▶ [PROVIDED DATA]:
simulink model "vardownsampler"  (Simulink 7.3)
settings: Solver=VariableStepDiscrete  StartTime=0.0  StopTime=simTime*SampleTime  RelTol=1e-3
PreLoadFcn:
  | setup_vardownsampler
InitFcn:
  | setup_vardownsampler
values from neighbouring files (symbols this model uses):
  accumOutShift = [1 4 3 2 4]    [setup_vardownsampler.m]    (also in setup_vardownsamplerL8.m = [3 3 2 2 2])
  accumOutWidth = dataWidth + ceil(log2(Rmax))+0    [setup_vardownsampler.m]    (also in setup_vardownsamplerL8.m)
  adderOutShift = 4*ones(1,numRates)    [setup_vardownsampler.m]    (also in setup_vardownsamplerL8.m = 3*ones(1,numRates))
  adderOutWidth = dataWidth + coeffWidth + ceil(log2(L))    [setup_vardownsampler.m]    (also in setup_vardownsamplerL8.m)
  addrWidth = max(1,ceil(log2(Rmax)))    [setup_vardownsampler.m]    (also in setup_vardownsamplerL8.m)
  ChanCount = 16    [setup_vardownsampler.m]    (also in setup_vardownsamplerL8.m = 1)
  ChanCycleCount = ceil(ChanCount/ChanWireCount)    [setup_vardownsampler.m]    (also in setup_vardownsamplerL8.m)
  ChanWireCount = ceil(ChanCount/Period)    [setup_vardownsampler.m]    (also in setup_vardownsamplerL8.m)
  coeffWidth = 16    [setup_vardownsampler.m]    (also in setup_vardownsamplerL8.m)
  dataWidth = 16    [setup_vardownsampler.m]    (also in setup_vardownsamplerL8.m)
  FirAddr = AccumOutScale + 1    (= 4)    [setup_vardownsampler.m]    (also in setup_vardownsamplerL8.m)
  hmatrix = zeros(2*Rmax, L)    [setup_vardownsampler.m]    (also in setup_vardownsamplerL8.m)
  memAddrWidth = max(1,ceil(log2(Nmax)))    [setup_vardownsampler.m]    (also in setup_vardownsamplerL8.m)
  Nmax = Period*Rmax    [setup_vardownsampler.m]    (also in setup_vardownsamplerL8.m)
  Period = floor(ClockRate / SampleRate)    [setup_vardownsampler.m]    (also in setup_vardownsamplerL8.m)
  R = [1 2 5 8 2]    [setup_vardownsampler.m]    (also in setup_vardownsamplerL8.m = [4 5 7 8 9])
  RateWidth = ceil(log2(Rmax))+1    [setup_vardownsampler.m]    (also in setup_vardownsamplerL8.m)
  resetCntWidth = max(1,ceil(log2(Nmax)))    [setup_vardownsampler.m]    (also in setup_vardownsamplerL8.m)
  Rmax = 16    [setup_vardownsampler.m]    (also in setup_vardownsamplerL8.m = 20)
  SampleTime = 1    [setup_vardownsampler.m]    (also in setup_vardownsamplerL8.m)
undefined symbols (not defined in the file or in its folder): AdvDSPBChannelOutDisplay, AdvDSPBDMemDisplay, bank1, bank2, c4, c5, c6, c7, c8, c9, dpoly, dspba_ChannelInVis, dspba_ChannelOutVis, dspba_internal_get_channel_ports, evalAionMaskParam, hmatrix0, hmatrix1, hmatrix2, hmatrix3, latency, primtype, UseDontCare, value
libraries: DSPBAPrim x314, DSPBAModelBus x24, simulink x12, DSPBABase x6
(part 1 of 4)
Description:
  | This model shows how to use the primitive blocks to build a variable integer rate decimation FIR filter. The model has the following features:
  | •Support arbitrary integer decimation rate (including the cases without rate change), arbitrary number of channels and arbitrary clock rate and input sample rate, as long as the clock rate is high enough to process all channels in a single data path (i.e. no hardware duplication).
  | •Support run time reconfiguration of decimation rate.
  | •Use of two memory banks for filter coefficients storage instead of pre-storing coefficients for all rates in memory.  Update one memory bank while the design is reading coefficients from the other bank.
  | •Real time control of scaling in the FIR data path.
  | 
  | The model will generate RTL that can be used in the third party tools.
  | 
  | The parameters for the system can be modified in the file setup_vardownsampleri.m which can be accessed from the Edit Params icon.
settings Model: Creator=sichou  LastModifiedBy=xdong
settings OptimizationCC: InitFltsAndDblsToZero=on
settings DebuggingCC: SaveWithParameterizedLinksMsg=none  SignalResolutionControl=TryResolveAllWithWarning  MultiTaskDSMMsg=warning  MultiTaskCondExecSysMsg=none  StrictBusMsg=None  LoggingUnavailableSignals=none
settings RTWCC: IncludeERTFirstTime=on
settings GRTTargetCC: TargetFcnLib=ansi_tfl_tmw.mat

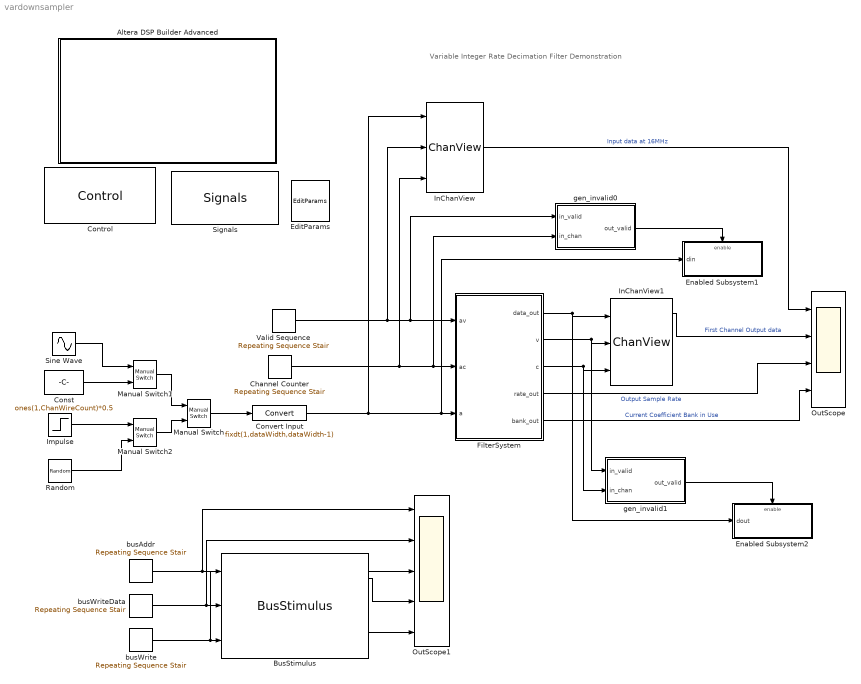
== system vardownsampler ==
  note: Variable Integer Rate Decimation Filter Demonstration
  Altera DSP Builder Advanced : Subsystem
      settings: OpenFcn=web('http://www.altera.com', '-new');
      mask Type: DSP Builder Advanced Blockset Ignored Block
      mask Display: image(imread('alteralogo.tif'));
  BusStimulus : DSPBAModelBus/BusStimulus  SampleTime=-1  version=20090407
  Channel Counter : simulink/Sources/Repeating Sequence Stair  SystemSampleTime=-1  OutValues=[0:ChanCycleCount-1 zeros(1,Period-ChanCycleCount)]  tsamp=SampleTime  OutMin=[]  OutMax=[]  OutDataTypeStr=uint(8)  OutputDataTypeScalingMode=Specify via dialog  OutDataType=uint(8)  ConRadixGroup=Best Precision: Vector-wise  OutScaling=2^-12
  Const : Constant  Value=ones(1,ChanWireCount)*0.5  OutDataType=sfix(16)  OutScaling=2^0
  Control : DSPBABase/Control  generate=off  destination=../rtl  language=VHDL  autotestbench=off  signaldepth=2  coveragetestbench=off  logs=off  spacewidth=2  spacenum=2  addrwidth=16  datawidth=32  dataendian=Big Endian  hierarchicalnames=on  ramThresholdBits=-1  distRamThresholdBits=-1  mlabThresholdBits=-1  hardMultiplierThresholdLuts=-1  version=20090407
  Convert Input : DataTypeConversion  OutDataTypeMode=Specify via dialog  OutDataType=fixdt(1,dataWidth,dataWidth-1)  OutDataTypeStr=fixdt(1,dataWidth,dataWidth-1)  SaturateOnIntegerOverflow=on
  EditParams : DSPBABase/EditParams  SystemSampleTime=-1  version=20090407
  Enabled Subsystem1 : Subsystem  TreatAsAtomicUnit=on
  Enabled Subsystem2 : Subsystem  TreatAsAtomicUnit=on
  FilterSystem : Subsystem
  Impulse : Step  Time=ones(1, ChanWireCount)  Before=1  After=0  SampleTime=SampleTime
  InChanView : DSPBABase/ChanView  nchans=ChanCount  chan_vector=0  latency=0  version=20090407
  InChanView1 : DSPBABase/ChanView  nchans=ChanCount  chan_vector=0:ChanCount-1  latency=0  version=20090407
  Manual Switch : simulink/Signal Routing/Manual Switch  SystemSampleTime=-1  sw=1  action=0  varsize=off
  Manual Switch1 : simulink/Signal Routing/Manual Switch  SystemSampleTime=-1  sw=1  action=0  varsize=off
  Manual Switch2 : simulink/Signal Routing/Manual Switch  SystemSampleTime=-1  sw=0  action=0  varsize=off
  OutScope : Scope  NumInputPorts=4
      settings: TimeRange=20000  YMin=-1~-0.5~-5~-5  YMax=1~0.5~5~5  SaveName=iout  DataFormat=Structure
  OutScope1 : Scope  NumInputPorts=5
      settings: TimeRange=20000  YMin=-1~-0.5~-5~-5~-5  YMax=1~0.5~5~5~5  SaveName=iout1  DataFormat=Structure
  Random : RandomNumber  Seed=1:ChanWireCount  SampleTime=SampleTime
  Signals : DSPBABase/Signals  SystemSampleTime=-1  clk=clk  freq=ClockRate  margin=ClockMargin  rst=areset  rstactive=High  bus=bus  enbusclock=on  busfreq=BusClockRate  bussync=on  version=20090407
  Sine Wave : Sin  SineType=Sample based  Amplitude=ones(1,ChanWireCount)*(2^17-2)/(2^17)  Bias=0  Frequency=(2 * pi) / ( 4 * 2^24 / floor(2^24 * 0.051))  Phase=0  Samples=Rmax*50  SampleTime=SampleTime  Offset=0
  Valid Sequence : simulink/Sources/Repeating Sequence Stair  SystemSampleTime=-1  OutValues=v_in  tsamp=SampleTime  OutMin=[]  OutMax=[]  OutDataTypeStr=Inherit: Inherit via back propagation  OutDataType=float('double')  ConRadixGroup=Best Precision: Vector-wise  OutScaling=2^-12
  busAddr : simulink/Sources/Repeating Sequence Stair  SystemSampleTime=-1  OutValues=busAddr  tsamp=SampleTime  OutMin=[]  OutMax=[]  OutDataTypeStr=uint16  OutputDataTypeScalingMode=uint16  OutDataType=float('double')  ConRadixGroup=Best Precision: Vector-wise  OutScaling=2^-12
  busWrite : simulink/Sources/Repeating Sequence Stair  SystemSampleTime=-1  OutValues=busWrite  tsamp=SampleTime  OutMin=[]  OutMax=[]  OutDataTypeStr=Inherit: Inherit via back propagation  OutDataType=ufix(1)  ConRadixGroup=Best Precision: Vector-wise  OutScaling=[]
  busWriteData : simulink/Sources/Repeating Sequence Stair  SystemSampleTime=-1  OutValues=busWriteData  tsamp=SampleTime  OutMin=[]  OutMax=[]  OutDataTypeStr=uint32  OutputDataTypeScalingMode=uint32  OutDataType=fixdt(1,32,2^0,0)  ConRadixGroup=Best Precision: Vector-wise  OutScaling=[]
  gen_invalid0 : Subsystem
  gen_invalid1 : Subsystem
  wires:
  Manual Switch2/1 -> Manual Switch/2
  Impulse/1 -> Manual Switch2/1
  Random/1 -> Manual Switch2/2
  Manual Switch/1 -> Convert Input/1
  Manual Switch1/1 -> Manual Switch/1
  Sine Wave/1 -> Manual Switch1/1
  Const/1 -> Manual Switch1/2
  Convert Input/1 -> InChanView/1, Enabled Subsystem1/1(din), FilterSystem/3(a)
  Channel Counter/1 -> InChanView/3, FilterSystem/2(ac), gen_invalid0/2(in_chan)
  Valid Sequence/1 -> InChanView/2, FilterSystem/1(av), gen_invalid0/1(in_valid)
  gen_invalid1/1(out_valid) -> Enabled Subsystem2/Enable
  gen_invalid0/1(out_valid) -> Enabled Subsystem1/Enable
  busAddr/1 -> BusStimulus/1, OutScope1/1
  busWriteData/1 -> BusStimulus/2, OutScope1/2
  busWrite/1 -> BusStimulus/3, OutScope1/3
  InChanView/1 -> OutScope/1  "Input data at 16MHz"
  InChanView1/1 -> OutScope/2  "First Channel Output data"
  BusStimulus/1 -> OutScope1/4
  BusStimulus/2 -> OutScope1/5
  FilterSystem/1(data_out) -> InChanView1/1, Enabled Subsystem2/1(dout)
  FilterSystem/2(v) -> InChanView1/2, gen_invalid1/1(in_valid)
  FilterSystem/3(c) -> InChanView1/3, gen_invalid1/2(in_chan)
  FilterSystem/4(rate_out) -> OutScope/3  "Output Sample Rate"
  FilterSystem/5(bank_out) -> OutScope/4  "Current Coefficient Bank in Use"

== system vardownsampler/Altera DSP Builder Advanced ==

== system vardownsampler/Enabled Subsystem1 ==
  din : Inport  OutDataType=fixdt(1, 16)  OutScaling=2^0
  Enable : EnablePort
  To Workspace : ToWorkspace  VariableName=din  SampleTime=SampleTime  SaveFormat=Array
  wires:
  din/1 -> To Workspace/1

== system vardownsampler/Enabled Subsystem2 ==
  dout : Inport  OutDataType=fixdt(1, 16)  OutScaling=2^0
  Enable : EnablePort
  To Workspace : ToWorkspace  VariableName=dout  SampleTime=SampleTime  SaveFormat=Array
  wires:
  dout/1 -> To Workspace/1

▶ [WORK TO BE COMPLETED]: In the material above, find the line containing "coeffWidth = 16" and the line containing "FirAddr = AccumOutScale", then write out exactly those two lines and every line between them, and nothing more.

▶ [TASK ANSWER]:
  coeffWidth = 16    [setup_vardownsampler.m]    (also in setup_vardownsamplerL8.m)
  dataWidth = 16    [setup_vardownsampler.m]    (also in setup_vardownsamplerL8.m)
  FirAddr = AccumOutScale + 1    (= 4)    [setup_vardownsampler.m]    (also in setup_vardownsamplerL8.m)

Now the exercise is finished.